# I pick this guy up Saturday!!



## alsea1 (Mar 11, 2014)

This is Diego.
He will be for Millie and Donnatella.
I do not know about his ability to produce good milk lines, but hey. He is fifty bucks as a four year old.
So I think worth the gamble.
Millie was bred for August kidding by a nice reg. buck that is from great milking lines so I figure Diegos job will be to keep the girls freshened. So his lines are not that important.
Hopefully Millie will produce a nice doe kid.
Husband says No more. LOL


----------



## Goat Whisperer (Mar 11, 2014)

Cool! Congrats!

THOSE HORNS  

Lol at DH!


----------



## woodsie (Mar 11, 2014)

Goat Whisperer said:


> Cool! Congrats!
> 
> THOSE HORNS
> 
> Lol at DH!


x2


----------



## Baymule (Mar 11, 2014)

Diego is beautiful. Love the horns!


----------



## SA Farm (Mar 11, 2014)

Baymule said:


> Diego is beautiful. Love the horns!


X2


----------



## taylorm17 (Mar 11, 2014)

He is so pretty. And the horns are awesome.


----------



## goatboy1973 (Apr 19, 2014)

Love the hornz!


----------



## alsea1 (Apr 19, 2014)

LOL. Diego is an escape artist. He knows how to use the horns to get out of hot wire.  He is now being tied up until I can erect a Diego proof enclosure.  I would just sell him at auction, but he is so darn cute


----------



## taylorm17 (Apr 20, 2014)

I love him, His horns just match so perfect the rest of him, Jut his color and body with those horns are just PERFECT! you are so lucky to have him!

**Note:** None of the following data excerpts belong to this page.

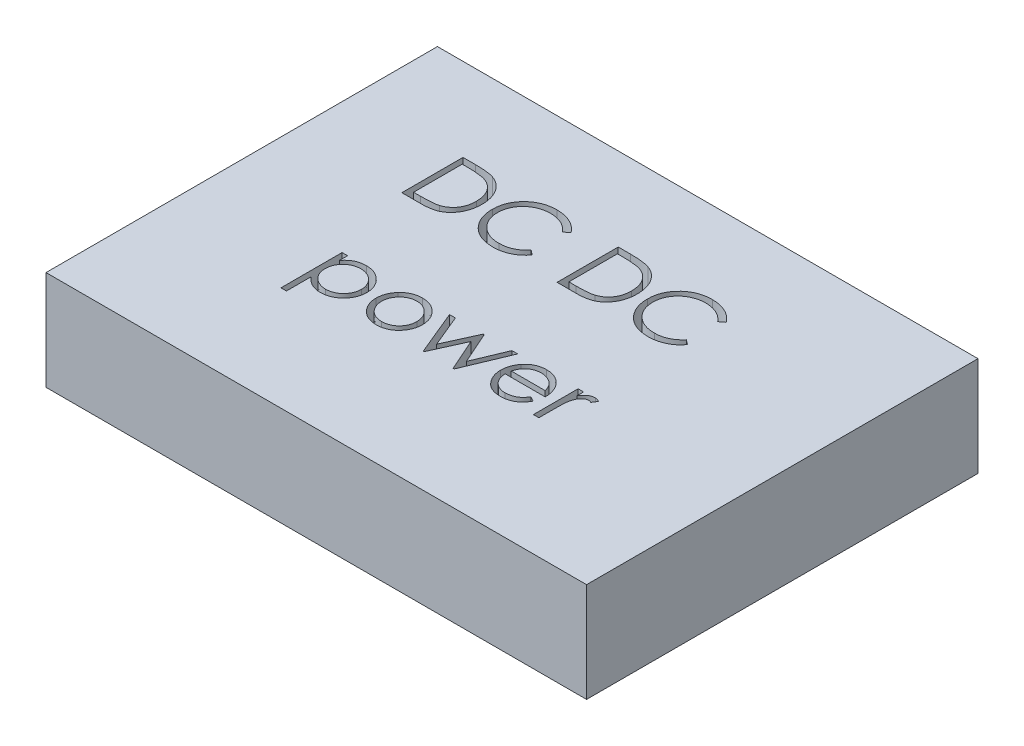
from build123d import *

# Parameters (mm, degrees)
SKETCH1_W           = 22.098
SKETCH1_H           = 16.002
BOSS_EXTRUDE1_DEPTH = 4.064
CUT_EXTRUDE1_DEPTH  = 1


with BuildPart() as part:
    # Sketch1 → Boss-Extrude1 (new body)
    with BuildSketch(Plane(origin=(0, 0, 0), x_dir=(1, 0, 0), z_dir=(0, 1, 0))):
        Rectangle(SKETCH1_W, SKETCH1_H)
    extrude(amount=BOSS_EXTRUDE1_DEPTH)

    # Sketch2 → Cut-Extrude1 (cut)
    # profile 1 of 9: a face of its own
    with BuildSketch(Plane(origin=(0, 4.064, 0), x_dir=(1, 0, 0), z_dir=(0, 1, 0))):
        with BuildLine():
            Line((-6.603142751, 2.100132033), (-6.603142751, 4.600132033))
            Line((-6.603142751, 4.600132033), (-6.098335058, 4.600132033))
            add(Edge.make_bspline(
                [(-6.098335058, 4.600132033), (-6.054428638, 4.599815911), (-5.969601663, 4.599205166), (-5.847021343, 4.595332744), (-5.73360437, 4.588482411), (-5.629723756, 4.578504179), (-5.535094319, 4.566252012), (-5.449981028, 4.55089458), (-5.373943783, 4.532760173), (-5.327179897, 4.517299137), (-5.305065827, 4.509987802)],
                knots=[0, 0, 0, 0, 1.314313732, 2.53924729, 3.670748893, 4.714932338, 5.66265055, 6.526160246, 7.303039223, 8, 8, 8, 8], degree=3))
            add(Edge.make_bspline(
                [(-5.305065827, 4.509987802), (-5.276141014, 4.498965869), (-5.218947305, 4.477171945), (-5.137513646, 4.436060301), (-5.060852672, 4.389479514), (-4.988553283, 4.337368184), (-4.922266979, 4.278250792), (-4.859404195, 4.214638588), (-4.802536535, 4.144218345), (-4.750459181, 4.068450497), (-4.703505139, 3.988227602), (-4.662691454, 3.903702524), (-4.628795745, 3.815304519), (-4.600657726, 3.723279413), (-4.578481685, 3.627424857), (-4.563351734, 3.527629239), (-4.553372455, 3.424286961), (-4.552369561, 3.354162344), (-4.551860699, 3.318581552)],
                knots=[0, 0, 0, 0, 0.984719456, 1.947108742, 2.898477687, 3.838006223, 4.779231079, 5.722358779, 6.681677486, 7.655904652, 8.64651281, 9.637519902, 10.640069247, 11.656948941, 12.698408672, 13.768548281, 14.867775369, 16, 16, 16, 16], degree=3))
            add(Edge.make_bspline(
                [(-4.551860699, 3.318581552), (-4.552309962, 3.287680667), (-4.55319528, 3.226787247), (-4.561144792, 3.13704375), (-4.572699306, 3.049962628), (-4.590588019, 2.965958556), (-4.6123041, 2.884295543), (-4.640135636, 2.80584394), (-4.672018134, 2.729884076), (-4.709196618, 2.657443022), (-4.750011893, 2.588812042), (-4.793813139, 2.524115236), (-4.840553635, 2.464275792), (-4.890679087, 2.409112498), (-4.943541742, 2.358708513), (-4.999487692, 2.312642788), (-5.0586613, 2.271816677), (-5.120797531, 2.234625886), (-5.187709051, 2.202182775), (-5.260663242, 2.174732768), (-5.339971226, 2.151985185), (-5.425438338, 2.133005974), (-5.517212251, 2.117950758), (-5.615382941, 2.107860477), (-5.719799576, 2.101036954), (-5.791499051, 2.10043953), (-5.828403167, 2.100132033)],
                knots=[0, 0, 0, 0, 1.105936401, 2.179363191, 3.223086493, 4.248585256, 5.251745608, 6.245858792, 7.225916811, 8.198733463, 9.158002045, 10.082870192, 10.993790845, 11.873723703, 12.748670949, 13.606408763, 14.465103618, 15.319838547, 16.196477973, 17.123216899, 18.106603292, 19.147568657, 20.255746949, 21.433717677, 22.679120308, 24, 24, 24, 24], degree=3))
            Line((-5.828403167, 2.100132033), (-6.603142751, 2.100132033))
        make_face()
        with BuildLine():
            Line((-6.378783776, 2.356542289), (-6.091824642, 2.356542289))
            add(Edge.make_bspline(
                [(-6.091824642, 2.356542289), (-6.050590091, 2.356719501), (-5.971280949, 2.357060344), (-5.857239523, 2.360051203), (-5.753039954, 2.364938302), (-5.658667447, 2.371777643), (-5.574175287, 2.380826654), (-5.499386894, 2.39091587), (-5.434547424, 2.403485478), (-5.395312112, 2.41487902), (-5.377181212, 2.420144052)],
                knots=[0, 0, 0, 0, 1.375205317, 2.645023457, 3.804390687, 4.853969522, 5.800190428, 6.637939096, 7.370582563, 8, 8, 8, 8], degree=3))
            add(Edge.make_bspline(
                [(-5.377181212, 2.420144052), (-5.354360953, 2.428180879), (-5.309265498, 2.444062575), (-5.244350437, 2.473032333), (-5.183809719, 2.507348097), (-5.126588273, 2.545492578), (-5.073497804, 2.588811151), (-5.02390915, 2.636361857), (-4.977922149, 2.688386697), (-4.936011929, 2.744821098), (-4.898505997, 2.805313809), (-4.866026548, 2.869270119), (-4.837561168, 2.935989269), (-4.815219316, 3.006495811), (-4.797708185, 3.080159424), (-4.785304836, 3.15698529), (-4.777580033, 3.236959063), (-4.776678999, 3.291353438), (-4.776219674, 3.319082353)],
                knots=[0, 0, 0, 0, 0.998632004, 1.973411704, 2.929992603, 3.868527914, 4.809262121, 5.754881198, 6.702106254, 7.672490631, 8.653608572, 9.636854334, 10.631411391, 11.644891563, 12.686317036, 13.754757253, 14.855430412, 16, 16, 16, 16], degree=3))
            add(Edge.make_bspline(
                [(-4.776219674, 3.319082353), (-4.776586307, 3.348320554), (-4.777306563, 3.405759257), (-4.786359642, 3.490038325), (-4.799589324, 3.571095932), (-4.818720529, 3.6489375), (-4.843099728, 3.723714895), (-4.873524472, 3.795014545), (-4.908286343, 3.863589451), (-4.949645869, 3.927856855), (-4.994942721, 3.988637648), (-5.045212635, 4.04431973), (-5.099656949, 4.095029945), (-5.157681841, 4.141558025), (-5.220922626, 4.182032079), (-5.287889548, 4.218236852), (-5.359565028, 4.248962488), (-5.409431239, 4.265304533), (-5.43477336, 4.273609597)],
                knots=[0, 0, 0, 0, 1.122418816, 2.205001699, 3.251619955, 4.274784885, 5.280384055, 6.268708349, 7.249350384, 8.229342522, 9.199999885, 10.157847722, 11.105861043, 12.055065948, 13.010012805, 13.98527497, 14.976112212, 16, 16, 16, 16], degree=3))
            add(Edge.make_bspline(
                [(-5.43477336, 4.273609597), (-5.455738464, 4.279407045), (-5.500316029, 4.291734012), (-5.573058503, 4.305180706), (-5.654926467, 4.317041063), (-5.746283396, 4.327082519), (-5.847025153, 4.334287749), (-5.957229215, 4.339695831), (-6.076943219, 4.343343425), (-6.159930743, 4.343592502), (-6.203002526, 4.343721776)],
                knots=[0, 0, 0, 0, 0.674548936, 1.434276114, 2.292660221, 3.240891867, 4.284742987, 5.42552168, 6.663806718, 8, 8, 8, 8], degree=3))
            Line((-6.203002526, 4.343721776), (-6.378783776, 4.343721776))
            Line((-6.378783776, 4.343721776), (-6.378783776, 2.356542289))
        make_face(mode=Mode.SUBTRACT)
    # profile 2 of 9: a face of its own
    with BuildSketch(Plane(origin=(0, 4.064, 0), x_dir=(1, 0, 0), z_dir=(0, 1, 0))):
        with BuildLine():
            Line((-1.731347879, 4.141398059), (-1.927661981, 3.991157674))
            add(Edge.make_bspline(
                [(-1.927661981, 3.991157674), (-1.941666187, 4.007847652), (-1.969485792, 4.041002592), (-2.014242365, 4.08755941), (-2.060886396, 4.131177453), (-2.109400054, 4.17206451), (-2.160656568, 4.208790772), (-2.213414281, 4.243270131), (-2.268555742, 4.274175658), (-2.344806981, 4.311649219), (-2.444555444, 4.350753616), (-2.570123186, 4.383541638), (-2.701202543, 4.404413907), (-2.790629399, 4.406674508), (-2.836115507, 4.407824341)],
                knots=[0, 0, 0, 0, 0.757959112, 1.505699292, 2.245454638, 2.979532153, 3.711538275, 4.438200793, 5.171680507, 5.909471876, 7.393775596, 8.890124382, 10.418191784, 12, 12, 12, 12], degree=3))
            add(Edge.make_bspline(
                [(-2.836115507, 4.407824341), (-2.861175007, 4.407535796), (-2.91106143, 4.406961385), (-2.985096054, 4.399383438), (-3.057748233, 4.388732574), (-3.128970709, 4.372928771), (-3.198672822, 4.352948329), (-3.267310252, 4.329073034), (-3.333889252, 4.299533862), (-3.399330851, 4.266885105), (-3.462030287, 4.230008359), (-3.521355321, 4.189784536), (-3.577089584, 4.146663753), (-3.629277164, 4.100484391), (-3.677971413, 4.051454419), (-3.722819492, 3.999051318), (-3.763666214, 3.943442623), (-3.801321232, 3.885361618), (-3.835044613, 3.824977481), (-3.863280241, 3.762066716), (-3.8882839, 3.697706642), (-3.908069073, 3.631170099), (-3.923729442, 3.562925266), (-3.934534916, 3.492788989), (-3.942026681, 3.420907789), (-3.942598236, 3.372186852), (-3.94288634, 3.347628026)],
                knots=[0, 0, 0, 0, 1.054917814, 2.100044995, 3.131103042, 4.146048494, 5.169673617, 6.183595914, 7.203665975, 8.234915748, 9.262203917, 10.264457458, 11.251630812, 12.227803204, 13.197192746, 14.159520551, 15.12972552, 16.100847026, 17.073214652, 18.039054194, 19.002613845, 19.979014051, 20.95965708, 21.949030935, 22.966165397, 24, 24, 24, 24], degree=3))
            add(Edge.make_bspline(
                [(-3.94288634, 3.347628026), (-3.941985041, 3.310677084), (-3.940215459, 3.238128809), (-3.924466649, 3.131864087), (-3.900534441, 3.030063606), (-3.864666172, 2.933363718), (-3.820438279, 2.840572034), (-3.764552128, 2.753258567), (-3.69982603, 2.670103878), (-3.625344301, 2.593073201), (-3.543625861, 2.522706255), (-3.455948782, 2.460741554), (-3.362531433, 2.409088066), (-3.264405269, 2.366105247), (-3.160815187, 2.333064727), (-3.051947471, 2.309804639), (-2.938038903, 2.294631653), (-2.860203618, 2.293179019), (-2.820590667, 2.292439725)],
                knots=[0, 0, 0, 0, 1.029171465, 2.020641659, 2.987623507, 3.938342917, 4.889210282, 5.84687017, 6.821220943, 7.821438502, 8.827599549, 9.822697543, 10.807740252, 11.797342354, 12.80366471, 13.83203677, 14.896651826, 16, 16, 16, 16], degree=3))
            add(Edge.make_bspline(
                [(-2.820590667, 2.292439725), (-2.776945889, 2.293645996), (-2.691042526, 2.296020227), (-2.565065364, 2.316133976), (-2.444468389, 2.348746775), (-2.329245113, 2.394388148), (-2.219720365, 2.453720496), (-2.115722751, 2.525647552), (-2.017164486, 2.610853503), (-1.957899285, 2.675912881), (-1.927661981, 2.709106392)],
                knots=[0, 0, 0, 0, 1.028121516, 2.023589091, 2.998037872, 3.967518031, 4.937445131, 5.927275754, 6.942489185, 8, 8, 8, 8], degree=3))
            Line((-1.927661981, 2.709106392), (-1.731347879, 2.560368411))
            add(Edge.make_bspline(
                [(-1.731347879, 2.560368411), (-1.747146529, 2.539983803), (-1.778668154, 2.499312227), (-1.829709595, 2.441975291), (-1.883479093, 2.388043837), (-1.940376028, 2.337952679), (-1.99974588, 2.290699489), (-2.062654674, 2.247626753), (-2.128275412, 2.208133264), (-2.196385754, 2.171971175), (-2.266913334, 2.139887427), (-2.339773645, 2.11242045), (-2.414652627, 2.088759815), (-2.491553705, 2.069294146), (-2.570636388, 2.054100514), (-2.651615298, 2.043943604), (-2.734665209, 2.036985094), (-2.790694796, 2.036350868), (-2.819088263, 2.036029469)],
                knots=[0, 0, 0, 0, 0.986787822, 1.968848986, 2.935600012, 3.899624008, 4.868462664, 5.837806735, 6.815139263, 7.798259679, 8.787526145, 9.778297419, 10.776456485, 11.791383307, 12.812564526, 13.85620153, 14.913611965, 16, 16, 16, 16], degree=3))
            add(Edge.make_bspline(
                [(-2.819088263, 2.036029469), (-2.845976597, 2.036216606), (-2.899144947, 2.036586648), (-2.977644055, 2.042581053), (-3.054065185, 2.050759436), (-3.128189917, 2.063073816), (-3.200422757, 2.077605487), (-3.270108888, 2.097084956), (-3.337934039, 2.11890579), (-3.403625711, 2.144552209), (-3.467239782, 2.173492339), (-3.528571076, 2.206200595), (-3.587591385, 2.242401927), (-3.644880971, 2.281298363), (-3.699593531, 2.324139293), (-3.752203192, 2.370329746), (-3.80300496, 2.41971404), (-3.83443545, 2.455324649), (-3.850238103, 2.473228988)],
                knots=[0, 0, 0, 0, 1.114604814, 2.203992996, 3.262667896, 4.300477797, 5.318619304, 6.316056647, 7.298880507, 8.271930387, 9.238335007, 10.195173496, 11.151986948, 12.108099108, 13.064862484, 14.031167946, 15.010108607, 16, 16, 16, 16], degree=3))
            add(Edge.make_bspline(
                [(-3.850238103, 2.473228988), (-3.875549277, 2.504329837), (-3.925866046, 2.566156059), (-3.990241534, 2.666360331), (-4.045346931, 2.77098048), (-4.08990116, 2.880566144), (-4.124731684, 2.99487142), (-4.148861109, 3.113953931), (-4.164540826, 3.237702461), (-4.16633389, 3.321871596), (-4.167245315, 3.36465527)],
                knots=[0, 0, 0, 0, 0.994628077, 1.977248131, 2.950237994, 3.925870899, 4.908910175, 5.911660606, 6.938484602, 8, 8, 8, 8], degree=3))
            add(Edge.make_bspline(
                [(-4.167245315, 3.36465527), (-4.166134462, 3.409623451), (-4.163948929, 3.49809554), (-4.145380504, 3.627934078), (-4.115509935, 3.752327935), (-4.073083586, 3.871044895), (-4.019294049, 3.984709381), (-3.952846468, 4.092453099), (-3.874512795, 4.194965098), (-3.78490739, 4.290689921), (-3.686645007, 4.37821803), (-3.581417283, 4.455222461), (-3.469430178, 4.519306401), (-3.351917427, 4.572875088), (-3.227999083, 4.614049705), (-3.097939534, 4.64287341), (-2.961983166, 4.660814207), (-2.86922429, 4.663082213), (-2.822093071, 4.664234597)],
                knots=[0, 0, 0, 0, 1.032925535, 2.032216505, 3.007276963, 3.968222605, 4.92396291, 5.891752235, 6.871517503, 7.883894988, 8.900124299, 9.891468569, 10.874487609, 11.85992873, 12.854644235, 13.869047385, 14.917252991, 16, 16, 16, 16], degree=3))
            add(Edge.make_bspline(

And I hope your new enclosure can keep him in


----------



## SkyWarrior (Apr 27, 2014)

Cute buck!


----------



## goats&moregoats (May 22, 2014)

breed?


----------



## alsea1 (May 22, 2014)

Nigerian Dwarf


----------



## goats&moregoats (May 22, 2014)

I was told that this guy is a pygmy, but I thin is Nigerian dwarf, he looks very much like your guy. sorry the pic isn't better. what do you think?


----------



## alsea1 (May 22, 2014)

Could be.


----------



## Hangtown Farms (May 24, 2014)

very nice looking


----------



## goatboy1973 (May 24, 2014)

Looks like he is well taken care of and pretty healthy. Perfect condition for breeding some does in heat.


----------



## goats&moregoats (May 24, 2014)

Excellent,  I am currently trying to breed a pair I have, doe in heat but not enough to get the deed done. maybe tomorrow. Good luck with your new buck.


----------